*** Begin section ***

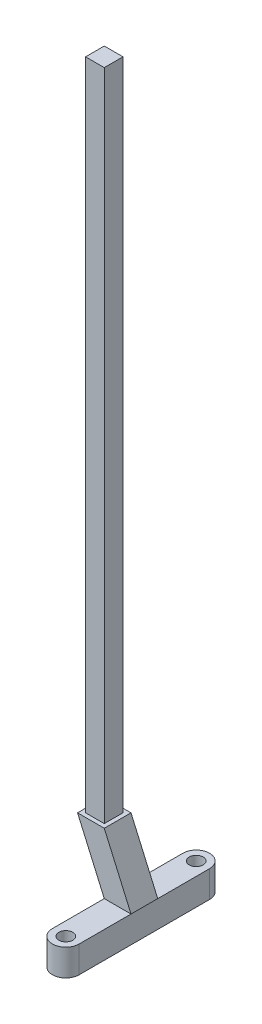
ISO-10303-21;
HEADER;
FILE_DESCRIPTION(('STEP AP214'),'2;1');
FILE_NAME('part.step','',(''),(''),'','','');
FILE_SCHEMA(('AUTOMOTIVE_DESIGN { 1 0 10303 214 1 1 1 1 }'));
ENDSEC;
DATA;
#1=APPLICATION_CONTEXT('core data for automotive mechanical design processes');
#2=APPLICATION_PROTOCOL_DEFINITION('international standard','automotive_design',2000,#1);
#3=PRODUCT_CONTEXT('',#1,'mechanical');
#4=PRODUCT('Part','Part','',(#3));
#5=PRODUCT_RELATED_PRODUCT_CATEGORY('part','',(#4));
#6=PRODUCT_DEFINITION_FORMATION('','',#4);
#7=PRODUCT_DEFINITION_CONTEXT('part definition',#1,'design');
#8=PRODUCT_DEFINITION('design','',#6,#7);
#9=PRODUCT_DEFINITION_SHAPE('','',#8);
#10=(LENGTH_UNIT() NAMED_UNIT(*) SI_UNIT(.MILLI.,.METRE.));
#11=(NAMED_UNIT(*) PLANE_ANGLE_UNIT() SI_UNIT($,.RADIAN.));
#12=(NAMED_UNIT(*) SI_UNIT($,.STERADIAN.) SOLID_ANGLE_UNIT());
#13=UNCERTAINTY_MEASURE_WITH_UNIT(LENGTH_MEASURE(1.E-05),#10,'distance_accuracy_value','');
#14=(GEOMETRIC_REPRESENTATION_CONTEXT(3) GLOBAL_UNCERTAINTY_ASSIGNED_CONTEXT((#13)) GLOBAL_UNIT_ASSIGNED_CONTEXT((#10,
#11,#12)) REPRESENTATION_CONTEXT('',''));
#15=CARTESIAN_POINT('',(0.,0.,0.));
#16=DIRECTION('',(0.,0.,1.));
#17=DIRECTION('',(1.,0.,0.));
#18=AXIS2_PLACEMENT_3D('',#15,#16,#17);
#19=CARTESIAN_POINT('',(0.,14.478,6.35));
#20=DIRECTION('',(0.,-1.,0.));
#21=DIRECTION('',(1.,0.,0.));
#22=AXIS2_PLACEMENT_3D('',#19,#20,#21);
#23=PLANE('',#22);
#24=DIRECTION('',(-1.,0.,0.));
#25=VECTOR('',#24,1.);
#26=CARTESIAN_POINT('',(0.,14.478,0.));
#27=LINE('',#26,#25);
#28=CARTESIAN_POINT('',(0.,14.478,0.));
#29=VERTEX_POINT('',#28);
#30=CARTESIAN_POINT('',(-6.35,14.478,0.));
#31=VERTEX_POINT('',#30);
#32=EDGE_CURVE('E226',#29,#31,#27,.T.);
#33=ORIENTED_EDGE('',*,*,#32,.T.);
#34=DIRECTION('',(0.,0.,-1.));
#35=VECTOR('',#34,1.);
#36=CARTESIAN_POINT('',(-6.35,14.478,6.35));
#37=LINE('',#36,#35);
#38=CARTESIAN_POINT('',(-6.35,14.478,6.35));
#39=VERTEX_POINT('',#38);
#40=EDGE_CURVE('E236',#39,#31,#37,.T.);
#41=ORIENTED_EDGE('',*,*,#40,.F.);
#42=DIRECTION('',(-1.,0.,0.));
#43=VECTOR('',#42,1.);
#44=CARTESIAN_POINT('',(0.,14.478,6.35));
#45=LINE('',#44,#43);
#46=CARTESIAN_POINT('',(0.,14.478,6.35));
#47=VERTEX_POINT('',#46);
#48=EDGE_CURVE('E233',#47,#39,#45,.T.);
#49=ORIENTED_EDGE('',*,*,#48,.F.);
#50=DIRECTION('',(0.,0.,-1.));
#51=VECTOR('',#50,1.);
#52=CARTESIAN_POINT('',(0.,14.478,6.35));
#53=LINE('',#52,#51);
#54=EDGE_CURVE('E251',#47,#29,#53,.T.);
#55=ORIENTED_EDGE('',*,*,#54,.T.);
#56=EDGE_LOOP('',(#33,#41,#49,#55));
#57=FACE_BOUND('',#56,.T.);
#58=DIRECTION('',(0.,0.,-1.));
#59=VECTOR('',#58,1.);
#60=CARTESIAN_POINT('',(-0.952500000000004,14.478,5.3975));
#61=LINE('',#60,#59);
#62=CARTESIAN_POINT('',(-0.952500000000004,14.478,5.3975));
#63=VERTEX_POINT('',#62);
#64=CARTESIAN_POINT('',(-0.952500000000004,14.478,0.9525));
#65=VERTEX_POINT('',#64);
#66=EDGE_CURVE('E55',#63,#65,#61,.T.);
#67=ORIENTED_EDGE('',*,*,#66,.F.);
#68=DIRECTION('',(1.,0.,0.));
#69=VECTOR('',#68,1.);
#70=CARTESIAN_POINT('',(-0.952500000000004,14.478,5.3975));
#71=LINE('',#70,#69);
#72=CARTESIAN_POINT('',(-5.3975,14.478,5.3975));
#73=VERTEX_POINT('',#72);
#74=EDGE_CURVE('E59',#73,#63,#71,.T.);
#75=ORIENTED_EDGE('',*,*,#74,.F.);
#76=DIRECTION('',(0.,0.,1.));
#77=VECTOR('',#76,1.);
#78=CARTESIAN_POINT('',(-5.3975,14.478,5.3975));
#79=LINE('',#78,#77);
#80=CARTESIAN_POINT('',(-5.3975,14.478,0.9525));
#81=VERTEX_POINT('',#80);
#82=EDGE_CURVE('E465',#81,#73,#79,.T.);
#83=ORIENTED_EDGE('',*,*,#82,.F.);
#84=DIRECTION('',(-1.,0.,0.));
#85=VECTOR('',#84,1.);
#86=CARTESIAN_POINT('',(-0.952500000000004,14.478,0.9525));
#87=LINE('',#86,#85);
#88=EDGE_CURVE('E475',#65,#81,#87,.T.);
#89=ORIENTED_EDGE('',*,*,#88,.F.);
#90=EDGE_LOOP('',(#67,#75,#83,#89));
#91=FACE_BOUND('',#90,.T.);
#92=ADVANCED_FACE('F39',(#57,#91),#23,.F.);
#93=CARTESIAN_POINT('',(-6.35,14.478,6.35));
#94=DIRECTION('',(0.915788208793949,0.401661495085065,0.));
#95=DIRECTION('',(-0.401661495085066,0.915788208793949,0.));
#96=AXIS2_PLACEMENT_3D('',#93,#94,#95);
#97=PLANE('',#96);
#98=DIRECTION('',(0.401661495085066,-0.915788208793949,0.));
#99=VECTOR('',#98,1.);
#100=CARTESIAN_POINT('',(-6.35,14.478,0.));
#101=LINE('',#100,#99);
#102=CARTESIAN_POINT('',(0.,0.,0.));
#103=VERTEX_POINT('',#102);
#104=EDGE_CURVE('E220',#31,#103,#101,.T.);
#105=ORIENTED_EDGE('',*,*,#104,.T.);
#106=DIRECTION('',(0.,0.,-1.));
#107=VECTOR('',#106,1.);
#108=CARTESIAN_POINT('',(0.,0.,6.35));
#109=LINE('',#108,#107);
#110=CARTESIAN_POINT('',(0.,0.,6.35));
#111=VERTEX_POINT('',#110);
#112=EDGE_CURVE('E11',#111,#103,#109,.T.);
#113=ORIENTED_EDGE('',*,*,#112,.F.);
#114=DIRECTION('',(0.401661495085066,-0.915788208793949,0.));
#115=VECTOR('',#114,1.);
#116=CARTESIAN_POINT('',(-6.35,14.478,6.35));
#117=LINE('',#116,#115);
#118=EDGE_CURVE('E221',#39,#111,#117,.T.);
#119=ORIENTED_EDGE('',*,*,#118,.F.);
#120=ORIENTED_EDGE('',*,*,#40,.T.);
#121=EDGE_LOOP('',(#105,#113,#119,#120));
#122=FACE_BOUND('',#121,.T.);
#123=ADVANCED_FACE('F41',(#122),#97,.F.);
#124=CARTESIAN_POINT('',(6.35,0.,6.35));
#125=DIRECTION('',(-0.915788208793949,-0.401661495085066,0.));
#126=DIRECTION('',(0.401661495085066,-0.915788208793949,0.));
#127=AXIS2_PLACEMENT_3D('',#124,#125,#126);
#128=PLANE('',#127);
#129=DIRECTION('',(-0.401661495085066,0.915788208793949,0.));
#130=VECTOR('',#129,1.);
#131=CARTESIAN_POINT('',(6.35,0.,0.));
#132=LINE('',#131,#130);
#133=CARTESIAN_POINT('',(6.35,0.,0.));
#134=VERTEX_POINT('',#133);
#135=EDGE_CURVE('E243',#134,#29,#132,.T.);
#136=ORIENTED_EDGE('',*,*,#135,.T.);
#137=ORIENTED_EDGE('',*,*,#54,.F.);
#138=DIRECTION('',(-0.401661495085066,0.915788208793949,0.));
#139=VECTOR('',#138,1.);
#140=CARTESIAN_POINT('',(6.35,0.,6.35));
#141=LINE('',#140,#139);
#142=CARTESIAN_POINT('',(6.35,0.,6.35));
#143=VERTEX_POINT('',#142);
#144=EDGE_CURVE('E230',#143,#47,#141,.T.);
#145=ORIENTED_EDGE('',*,*,#144,.F.);
#146=DIRECTION('',(0.,0.,-1.));
#147=VECTOR('',#146,1.);
#148=CARTESIAN_POINT('',(6.35,0.,6.35));
#149=LINE('',#148,#147);
#150=EDGE_CURVE('E48',#143,#134,#149,.T.);
#151=ORIENTED_EDGE('',*,*,#150,.T.);
#152=EDGE_LOOP('',(#136,#137,#145,#151));
#153=FACE_BOUND('',#152,.T.);
#154=ADVANCED_FACE('F259',(#153),#128,.F.);
#155=CARTESIAN_POINT('',(0.,0.,6.35));
#156=DIRECTION('',(0.,0.,1.));
#157=DIRECTION('',(1.,0.,0.));
#158=AXIS2_PLACEMENT_3D('',#155,#156,#157);
#159=PLANE('',#158);
#160=ORIENTED_EDGE('',*,*,#118,.T.);
#161=DIRECTION('',(1.,0.,0.));
#162=VECTOR('',#161,1.);
#163=CARTESIAN_POINT('',(0.,0.,6.35));
#164=LINE('',#163,#162);
#165=EDGE_CURVE('E225',#111,#143,#164,.T.);
#166=ORIENTED_EDGE('',*,*,#165,.T.);
#167=ORIENTED_EDGE('',*,*,#144,.T.);
#168=ORIENTED_EDGE('',*,*,#48,.T.);
#169=EDGE_LOOP('',(#160,#166,#167,#168));
#170=FACE_BOUND('',#169,.T.);
#171=ADVANCED_FACE('F275',(#170),#159,.T.);
#172=CARTESIAN_POINT('',(0.,0.,0.));
#173=DIRECTION('',(0.,0.,1.));
#174=DIRECTION('',(1.,0.,0.));
#175=AXIS2_PLACEMENT_3D('',#172,#173,#174);
#176=PLANE('',#175);
#177=ORIENTED_EDGE('',*,*,#104,.F.);
#178=ORIENTED_EDGE('',*,*,#32,.F.);
#179=ORIENTED_EDGE('',*,*,#135,.F.);
#180=DIRECTION('',(1.,0.,0.));
#181=VECTOR('',#180,1.);
#182=CARTESIAN_POINT('',(0.,0.,0.));
#183=LINE('',#182,#181);
#184=EDGE_CURVE('E240',#103,#134,#183,.T.);
#185=ORIENTED_EDGE('',*,*,#184,.F.);
#186=EDGE_LOOP('',(#177,#178,#179,#185));
#187=FACE_BOUND('',#186,.T.);
#188=ADVANCED_FACE('F267',(#187),#176,.F.);
#189=CARTESIAN_POINT('',(3.175,0.,18.669));
#190=DIRECTION('',(0.,-1.,0.));
#191=DIRECTION('',(1.,0.,0.));
#192=AXIS2_PLACEMENT_3D('',#189,#190,#191);
#193=PLANE('',#192);
#194=CARTESIAN_POINT('',(3.175,0.,-12.319));
#195=DIRECTION('',(0.,-1.,0.));
#196=DIRECTION('',(1.,0.,0.));
#197=AXIS2_PLACEMENT_3D('',#194,#195,#196);
#198=CIRCLE('',#197,1.651);
#199=CARTESIAN_POINT('',(4.826,0.,-12.319));
#200=VERTEX_POINT('',#199);
#201=EDGE_CURVE('E152',#200,#200,#198,.T.);
#202=ORIENTED_EDGE('',*,*,#201,.T.);
#203=EDGE_LOOP('',(#202));
#204=FACE_BOUND('',#203,.T.);
#205=DIRECTION('',(0.,0.,-1.));
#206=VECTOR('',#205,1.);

*** End section ***

* Directions for this task *
Begin at the line above that has "#143=VERTEX_POINT('',#142);" and stop after the line that has "#170=FACE_BOUND('',#169,.T.);", copying each line exactly and adding nothing else.

* Answer below *
#143=VERTEX_POINT('',#142);
#144=EDGE_CURVE('E230',#143,#47,#141,.T.);
#145=ORIENTED_EDGE('',*,*,#144,.F.);
#146=DIRECTION('',(0.,0.,-1.));
#147=VECTOR('',#146,1.);
#148=CARTESIAN_POINT('',(6.35,0.,6.35));
#149=LINE('',#148,#147);
#150=EDGE_CURVE('E48',#143,#134,#149,.T.);
#151=ORIENTED_EDGE('',*,*,#150,.T.);
#152=EDGE_LOOP('',(#136,#137,#145,#151));
#153=FACE_BOUND('',#152,.T.);
#154=ADVANCED_FACE('F259',(#153),#128,.F.);
#155=CARTESIAN_POINT('',(0.,0.,6.35));
#156=DIRECTION('',(0.,0.,1.));
#157=DIRECTION('',(1.,0.,0.));
#158=AXIS2_PLACEMENT_3D('',#155,#156,#157);
#159=PLANE('',#158);
#160=ORIENTED_EDGE('',*,*,#118,.T.);
#161=DIRECTION('',(1.,0.,0.));
#162=VECTOR('',#161,1.);
#163=CARTESIAN_POINT('',(0.,0.,6.35));
#164=LINE('',#163,#162);
#165=EDGE_CURVE('E225',#111,#143,#164,.T.);
#166=ORIENTED_EDGE('',*,*,#165,.T.);
#167=ORIENTED_EDGE('',*,*,#144,.T.);
#168=ORIENTED_EDGE('',*,*,#48,.T.);
#169=EDGE_LOOP('',(#160,#166,#167,#168));
#170=FACE_BOUND('',#169,.T.);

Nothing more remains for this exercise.